智光にまつわる伝説として、行基に対する嫉妬から急死するが10日後に蘇生。地獄で閻魔大王から行基の件で叱責されたとして、蘇生後に行基に謝罪をしたという。

◆道場法師
生没年不詳。『日本霊異記』によると、雷神の申し子として大力を授かり、生まれた時は頭に蛇が巻き付いていたとされる。また10歳頃に上洛して王族の者と力比べをして勝ち、その後元興寺の童子となって鬼を退治、さらに優婆塞(在家の仏道修行者)の時代には、大力で元興寺の田の引水に関する妨害を排除する。その後、出家して道場法師と名乗った。その後故郷である尾張(現・名古屋市)に尾張元興寺を建立している。

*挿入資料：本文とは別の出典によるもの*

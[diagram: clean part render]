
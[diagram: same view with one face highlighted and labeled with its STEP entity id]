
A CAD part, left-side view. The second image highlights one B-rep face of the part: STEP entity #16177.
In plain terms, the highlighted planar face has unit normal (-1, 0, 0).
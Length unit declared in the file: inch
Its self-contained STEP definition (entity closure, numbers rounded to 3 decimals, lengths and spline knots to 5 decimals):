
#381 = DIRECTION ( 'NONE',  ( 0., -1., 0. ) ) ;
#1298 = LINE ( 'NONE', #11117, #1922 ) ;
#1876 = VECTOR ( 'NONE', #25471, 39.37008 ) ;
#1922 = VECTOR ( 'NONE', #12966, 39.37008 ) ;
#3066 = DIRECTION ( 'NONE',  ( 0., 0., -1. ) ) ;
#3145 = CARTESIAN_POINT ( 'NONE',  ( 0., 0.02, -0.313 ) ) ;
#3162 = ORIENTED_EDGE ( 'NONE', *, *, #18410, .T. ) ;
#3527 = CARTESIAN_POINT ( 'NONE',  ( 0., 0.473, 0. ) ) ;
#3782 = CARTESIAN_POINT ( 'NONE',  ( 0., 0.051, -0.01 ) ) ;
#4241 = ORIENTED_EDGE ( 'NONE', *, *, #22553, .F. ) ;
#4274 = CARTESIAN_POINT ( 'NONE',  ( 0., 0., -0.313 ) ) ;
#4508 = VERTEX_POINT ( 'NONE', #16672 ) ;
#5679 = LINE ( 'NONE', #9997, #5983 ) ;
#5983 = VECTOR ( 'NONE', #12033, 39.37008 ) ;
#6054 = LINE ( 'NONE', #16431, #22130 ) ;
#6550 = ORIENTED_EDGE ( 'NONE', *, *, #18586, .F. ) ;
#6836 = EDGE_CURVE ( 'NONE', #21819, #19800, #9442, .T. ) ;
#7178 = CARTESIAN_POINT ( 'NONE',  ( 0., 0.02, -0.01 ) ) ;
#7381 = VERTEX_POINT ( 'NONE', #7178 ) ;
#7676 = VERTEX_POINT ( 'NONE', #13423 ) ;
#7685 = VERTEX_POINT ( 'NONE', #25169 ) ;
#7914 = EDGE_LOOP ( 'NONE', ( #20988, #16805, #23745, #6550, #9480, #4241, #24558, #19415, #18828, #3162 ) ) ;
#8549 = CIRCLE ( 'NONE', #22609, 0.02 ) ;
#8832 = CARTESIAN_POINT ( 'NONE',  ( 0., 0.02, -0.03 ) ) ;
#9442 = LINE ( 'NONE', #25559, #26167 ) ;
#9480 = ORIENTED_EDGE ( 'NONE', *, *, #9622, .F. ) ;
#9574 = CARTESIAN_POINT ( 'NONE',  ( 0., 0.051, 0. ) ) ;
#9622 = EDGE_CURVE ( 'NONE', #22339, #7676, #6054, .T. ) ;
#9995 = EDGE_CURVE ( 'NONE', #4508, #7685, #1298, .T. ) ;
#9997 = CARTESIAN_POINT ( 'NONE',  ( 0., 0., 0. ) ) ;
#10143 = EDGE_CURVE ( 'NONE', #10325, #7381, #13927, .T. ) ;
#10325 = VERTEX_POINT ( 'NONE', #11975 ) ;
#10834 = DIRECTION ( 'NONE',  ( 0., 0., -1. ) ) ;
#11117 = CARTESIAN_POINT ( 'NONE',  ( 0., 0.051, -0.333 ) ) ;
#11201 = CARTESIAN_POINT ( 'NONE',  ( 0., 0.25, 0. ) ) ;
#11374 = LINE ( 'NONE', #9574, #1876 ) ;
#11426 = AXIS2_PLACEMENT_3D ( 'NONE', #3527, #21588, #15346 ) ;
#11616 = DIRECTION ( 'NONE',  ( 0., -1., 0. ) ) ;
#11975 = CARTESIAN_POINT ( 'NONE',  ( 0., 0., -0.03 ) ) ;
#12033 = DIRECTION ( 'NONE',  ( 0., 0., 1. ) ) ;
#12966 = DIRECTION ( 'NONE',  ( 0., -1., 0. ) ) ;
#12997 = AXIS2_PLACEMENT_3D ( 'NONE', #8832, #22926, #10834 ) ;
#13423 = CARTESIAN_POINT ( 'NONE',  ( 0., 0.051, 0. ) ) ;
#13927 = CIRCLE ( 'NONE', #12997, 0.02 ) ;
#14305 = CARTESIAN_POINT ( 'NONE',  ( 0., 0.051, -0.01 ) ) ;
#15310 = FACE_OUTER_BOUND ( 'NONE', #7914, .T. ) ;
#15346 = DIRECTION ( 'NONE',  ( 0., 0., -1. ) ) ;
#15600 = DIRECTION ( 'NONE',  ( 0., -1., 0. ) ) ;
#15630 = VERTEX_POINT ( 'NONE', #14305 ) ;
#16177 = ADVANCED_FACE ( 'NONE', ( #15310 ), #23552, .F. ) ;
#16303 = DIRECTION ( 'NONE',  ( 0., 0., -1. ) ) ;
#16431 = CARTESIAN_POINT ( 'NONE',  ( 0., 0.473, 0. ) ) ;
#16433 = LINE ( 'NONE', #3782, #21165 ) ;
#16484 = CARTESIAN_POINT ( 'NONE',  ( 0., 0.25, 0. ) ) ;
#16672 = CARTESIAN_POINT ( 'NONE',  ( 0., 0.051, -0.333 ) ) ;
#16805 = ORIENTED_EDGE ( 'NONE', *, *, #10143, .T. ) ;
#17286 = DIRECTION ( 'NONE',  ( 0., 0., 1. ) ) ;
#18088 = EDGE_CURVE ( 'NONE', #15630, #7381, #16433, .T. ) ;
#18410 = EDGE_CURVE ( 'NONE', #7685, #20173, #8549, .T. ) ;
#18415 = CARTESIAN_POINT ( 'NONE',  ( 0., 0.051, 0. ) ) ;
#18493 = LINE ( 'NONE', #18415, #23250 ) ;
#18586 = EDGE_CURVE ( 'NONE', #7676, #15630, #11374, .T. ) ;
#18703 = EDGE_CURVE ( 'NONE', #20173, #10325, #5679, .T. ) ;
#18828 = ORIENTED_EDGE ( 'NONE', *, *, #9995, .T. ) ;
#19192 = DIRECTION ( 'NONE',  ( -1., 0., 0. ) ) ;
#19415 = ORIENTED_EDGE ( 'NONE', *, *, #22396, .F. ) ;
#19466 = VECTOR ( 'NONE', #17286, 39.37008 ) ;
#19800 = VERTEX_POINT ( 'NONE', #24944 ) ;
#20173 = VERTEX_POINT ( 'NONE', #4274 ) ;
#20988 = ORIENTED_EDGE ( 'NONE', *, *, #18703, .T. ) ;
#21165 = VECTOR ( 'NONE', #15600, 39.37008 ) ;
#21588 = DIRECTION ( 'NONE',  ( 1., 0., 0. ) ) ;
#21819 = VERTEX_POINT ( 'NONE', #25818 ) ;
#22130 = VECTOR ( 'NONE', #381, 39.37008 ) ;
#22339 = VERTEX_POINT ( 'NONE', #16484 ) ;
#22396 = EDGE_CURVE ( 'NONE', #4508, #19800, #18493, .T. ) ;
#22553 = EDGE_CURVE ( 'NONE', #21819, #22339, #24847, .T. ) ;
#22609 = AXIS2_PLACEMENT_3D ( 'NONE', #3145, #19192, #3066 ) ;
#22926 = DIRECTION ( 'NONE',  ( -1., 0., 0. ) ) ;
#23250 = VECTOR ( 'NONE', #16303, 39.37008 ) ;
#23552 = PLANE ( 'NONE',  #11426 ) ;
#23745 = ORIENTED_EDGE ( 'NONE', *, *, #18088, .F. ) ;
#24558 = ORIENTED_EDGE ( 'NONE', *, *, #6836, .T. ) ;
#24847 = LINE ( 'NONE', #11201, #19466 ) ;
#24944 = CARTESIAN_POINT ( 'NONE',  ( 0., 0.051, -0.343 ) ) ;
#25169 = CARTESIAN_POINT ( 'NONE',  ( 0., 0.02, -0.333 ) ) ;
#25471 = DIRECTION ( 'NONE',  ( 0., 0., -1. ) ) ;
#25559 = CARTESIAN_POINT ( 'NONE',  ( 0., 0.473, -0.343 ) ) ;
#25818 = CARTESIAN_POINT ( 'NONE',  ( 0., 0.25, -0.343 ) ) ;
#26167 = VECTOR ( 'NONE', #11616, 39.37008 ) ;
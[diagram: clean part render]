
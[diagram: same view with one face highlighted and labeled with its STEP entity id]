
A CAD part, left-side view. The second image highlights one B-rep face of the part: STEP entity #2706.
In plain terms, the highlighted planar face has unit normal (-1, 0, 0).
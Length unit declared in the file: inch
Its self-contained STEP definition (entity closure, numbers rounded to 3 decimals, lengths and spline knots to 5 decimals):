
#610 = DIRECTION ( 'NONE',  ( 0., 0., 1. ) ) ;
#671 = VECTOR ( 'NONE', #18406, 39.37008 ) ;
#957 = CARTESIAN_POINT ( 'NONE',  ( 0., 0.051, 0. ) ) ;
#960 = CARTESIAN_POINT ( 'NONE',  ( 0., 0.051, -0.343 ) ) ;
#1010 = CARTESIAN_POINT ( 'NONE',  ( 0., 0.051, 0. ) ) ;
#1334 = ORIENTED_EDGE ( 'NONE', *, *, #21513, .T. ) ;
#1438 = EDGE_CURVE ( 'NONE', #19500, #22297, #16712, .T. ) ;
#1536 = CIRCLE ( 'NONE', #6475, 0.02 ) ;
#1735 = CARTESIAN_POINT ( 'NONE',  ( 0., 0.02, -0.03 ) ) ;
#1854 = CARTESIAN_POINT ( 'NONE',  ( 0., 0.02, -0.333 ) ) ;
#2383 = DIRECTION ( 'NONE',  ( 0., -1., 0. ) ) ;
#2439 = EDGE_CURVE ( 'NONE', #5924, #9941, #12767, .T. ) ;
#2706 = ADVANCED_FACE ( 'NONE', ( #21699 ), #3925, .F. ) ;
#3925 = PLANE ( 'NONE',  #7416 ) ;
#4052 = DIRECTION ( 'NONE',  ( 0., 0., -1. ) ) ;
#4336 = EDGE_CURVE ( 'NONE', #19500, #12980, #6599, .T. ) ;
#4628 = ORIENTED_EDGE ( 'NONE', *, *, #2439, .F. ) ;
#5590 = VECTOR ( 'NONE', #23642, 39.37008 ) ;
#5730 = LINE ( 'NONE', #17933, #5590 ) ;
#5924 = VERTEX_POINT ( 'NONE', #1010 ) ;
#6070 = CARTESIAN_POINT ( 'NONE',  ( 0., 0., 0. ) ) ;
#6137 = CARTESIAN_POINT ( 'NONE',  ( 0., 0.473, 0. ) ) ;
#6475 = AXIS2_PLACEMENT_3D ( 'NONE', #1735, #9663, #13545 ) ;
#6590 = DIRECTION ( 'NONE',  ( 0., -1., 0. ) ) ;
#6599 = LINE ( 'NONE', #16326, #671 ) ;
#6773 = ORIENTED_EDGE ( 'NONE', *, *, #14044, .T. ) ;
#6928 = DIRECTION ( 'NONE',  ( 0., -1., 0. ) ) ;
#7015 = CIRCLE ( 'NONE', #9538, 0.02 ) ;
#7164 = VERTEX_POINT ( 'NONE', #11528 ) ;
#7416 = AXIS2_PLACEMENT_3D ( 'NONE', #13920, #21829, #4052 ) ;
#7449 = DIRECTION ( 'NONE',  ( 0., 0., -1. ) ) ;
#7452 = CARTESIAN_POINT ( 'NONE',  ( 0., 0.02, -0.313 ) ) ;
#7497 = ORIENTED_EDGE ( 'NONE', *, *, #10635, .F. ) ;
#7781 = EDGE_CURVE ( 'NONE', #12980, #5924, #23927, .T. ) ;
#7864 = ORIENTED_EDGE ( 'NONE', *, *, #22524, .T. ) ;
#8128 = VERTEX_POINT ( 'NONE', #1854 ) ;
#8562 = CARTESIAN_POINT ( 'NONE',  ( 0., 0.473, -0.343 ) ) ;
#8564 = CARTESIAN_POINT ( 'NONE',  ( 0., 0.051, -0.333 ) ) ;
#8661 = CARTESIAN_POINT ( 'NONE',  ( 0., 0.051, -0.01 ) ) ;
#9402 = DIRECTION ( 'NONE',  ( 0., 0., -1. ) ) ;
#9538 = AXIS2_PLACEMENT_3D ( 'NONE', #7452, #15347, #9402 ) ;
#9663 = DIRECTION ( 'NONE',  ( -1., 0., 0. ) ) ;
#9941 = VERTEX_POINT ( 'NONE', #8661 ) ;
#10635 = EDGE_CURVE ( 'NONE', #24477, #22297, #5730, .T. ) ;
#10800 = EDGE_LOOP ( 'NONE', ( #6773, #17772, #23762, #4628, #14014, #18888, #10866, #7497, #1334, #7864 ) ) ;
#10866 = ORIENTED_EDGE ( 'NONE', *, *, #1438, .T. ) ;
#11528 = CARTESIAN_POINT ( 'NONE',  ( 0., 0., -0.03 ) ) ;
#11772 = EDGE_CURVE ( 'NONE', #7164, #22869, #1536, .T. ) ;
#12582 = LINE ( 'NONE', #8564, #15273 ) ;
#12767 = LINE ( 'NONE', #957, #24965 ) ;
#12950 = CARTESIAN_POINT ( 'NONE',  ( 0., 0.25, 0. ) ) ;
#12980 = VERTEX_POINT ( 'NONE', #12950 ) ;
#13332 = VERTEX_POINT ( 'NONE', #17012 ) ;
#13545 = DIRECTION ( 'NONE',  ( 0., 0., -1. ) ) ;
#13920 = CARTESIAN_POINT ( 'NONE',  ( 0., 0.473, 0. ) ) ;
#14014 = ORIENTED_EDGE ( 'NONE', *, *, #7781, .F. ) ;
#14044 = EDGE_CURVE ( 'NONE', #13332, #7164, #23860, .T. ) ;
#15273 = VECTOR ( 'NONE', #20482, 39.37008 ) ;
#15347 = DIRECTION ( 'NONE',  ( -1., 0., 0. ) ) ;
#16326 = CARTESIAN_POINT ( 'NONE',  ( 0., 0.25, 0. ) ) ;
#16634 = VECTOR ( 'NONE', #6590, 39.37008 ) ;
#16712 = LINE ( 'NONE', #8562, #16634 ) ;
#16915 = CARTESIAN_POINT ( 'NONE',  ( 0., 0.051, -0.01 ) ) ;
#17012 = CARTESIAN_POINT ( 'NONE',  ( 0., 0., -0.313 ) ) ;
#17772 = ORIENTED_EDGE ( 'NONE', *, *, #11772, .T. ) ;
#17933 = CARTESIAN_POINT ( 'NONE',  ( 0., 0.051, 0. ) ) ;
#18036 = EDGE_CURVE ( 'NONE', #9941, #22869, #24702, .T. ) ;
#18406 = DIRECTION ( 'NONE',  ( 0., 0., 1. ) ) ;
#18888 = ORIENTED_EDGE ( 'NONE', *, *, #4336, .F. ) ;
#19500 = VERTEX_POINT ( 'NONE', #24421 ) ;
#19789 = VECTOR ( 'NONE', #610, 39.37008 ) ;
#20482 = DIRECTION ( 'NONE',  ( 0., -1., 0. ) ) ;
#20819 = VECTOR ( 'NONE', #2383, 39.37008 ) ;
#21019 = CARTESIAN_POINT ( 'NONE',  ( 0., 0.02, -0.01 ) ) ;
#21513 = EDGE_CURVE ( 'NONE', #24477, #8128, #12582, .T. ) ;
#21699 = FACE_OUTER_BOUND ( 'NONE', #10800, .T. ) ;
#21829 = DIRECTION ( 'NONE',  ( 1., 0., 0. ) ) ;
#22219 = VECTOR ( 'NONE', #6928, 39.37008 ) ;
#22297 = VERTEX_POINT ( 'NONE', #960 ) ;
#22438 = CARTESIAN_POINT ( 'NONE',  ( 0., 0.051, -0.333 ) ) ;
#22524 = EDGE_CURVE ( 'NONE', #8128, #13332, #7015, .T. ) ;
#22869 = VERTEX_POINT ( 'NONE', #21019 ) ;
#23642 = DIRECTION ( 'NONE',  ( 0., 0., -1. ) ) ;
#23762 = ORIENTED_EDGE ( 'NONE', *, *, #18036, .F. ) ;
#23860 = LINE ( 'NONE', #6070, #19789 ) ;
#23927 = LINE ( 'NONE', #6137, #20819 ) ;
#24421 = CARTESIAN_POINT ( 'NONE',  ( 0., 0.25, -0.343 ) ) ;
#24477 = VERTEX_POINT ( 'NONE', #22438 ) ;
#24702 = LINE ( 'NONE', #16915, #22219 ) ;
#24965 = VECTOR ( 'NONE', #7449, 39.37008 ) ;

なお第30代敏達天皇は572-585年頃の在位であるとされている。

◆“がごぜ”
江戸時代には、関東から西日本一帯で「お化け」や「鬼」を総称する言葉(幼児語)として使われていた。言葉の起源として「元興寺の鬼」の伝説が挙げられるが、柳田國男は『妖怪談義』で、「がご~(咬もう)」という音から派生したものであると考え、元興寺由来説を否定している。